▶ **Your goal**: All lines between the one holding "0.644667299), (-60.095027762, 0.635))" and the end of the material below, both ends included, should be restated exactly.

▶ **Records supplied**:
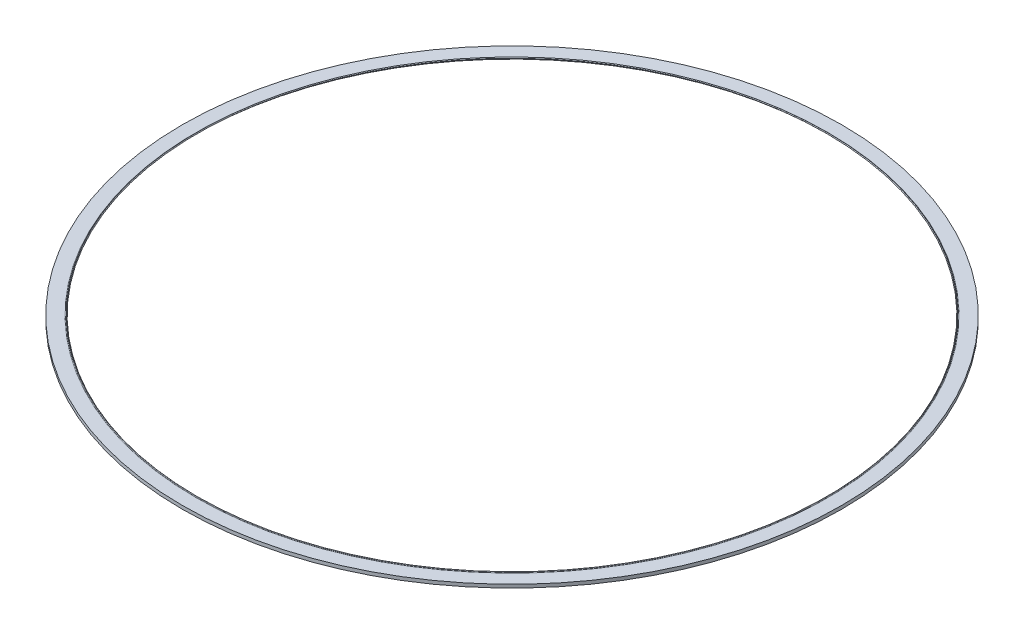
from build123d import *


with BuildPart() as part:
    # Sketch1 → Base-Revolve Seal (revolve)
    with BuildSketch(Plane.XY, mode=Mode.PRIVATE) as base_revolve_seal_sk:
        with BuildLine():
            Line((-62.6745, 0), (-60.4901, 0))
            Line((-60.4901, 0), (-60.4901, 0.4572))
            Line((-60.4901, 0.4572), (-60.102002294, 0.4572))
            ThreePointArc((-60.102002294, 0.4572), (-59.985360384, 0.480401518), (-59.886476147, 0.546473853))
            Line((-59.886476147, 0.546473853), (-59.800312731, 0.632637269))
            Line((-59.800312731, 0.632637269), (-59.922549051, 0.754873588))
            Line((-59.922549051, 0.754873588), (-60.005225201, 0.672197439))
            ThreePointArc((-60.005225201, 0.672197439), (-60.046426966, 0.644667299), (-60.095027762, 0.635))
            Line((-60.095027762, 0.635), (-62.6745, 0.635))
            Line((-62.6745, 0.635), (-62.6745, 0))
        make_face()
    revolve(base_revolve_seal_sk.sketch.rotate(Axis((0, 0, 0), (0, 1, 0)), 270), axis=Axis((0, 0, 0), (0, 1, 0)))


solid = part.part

▶ **Response box**:
            ThreePointArc((-60.005225201, 0.672197439), (-60.046426966, 0.644667299), (-60.095027762, 0.635))
            Line((-60.095027762, 0.635), (-62.6745, 0.635))
            Line((-62.6745, 0.635), (-62.6745, 0))
        make_face()
    revolve(base_revolve_seal_sk.sketch.rotate(Axis((0, 0, 0), (0, 1, 0)), 270), axis=Axis((0, 0, 0), (0, 1, 0)))


solid = part.part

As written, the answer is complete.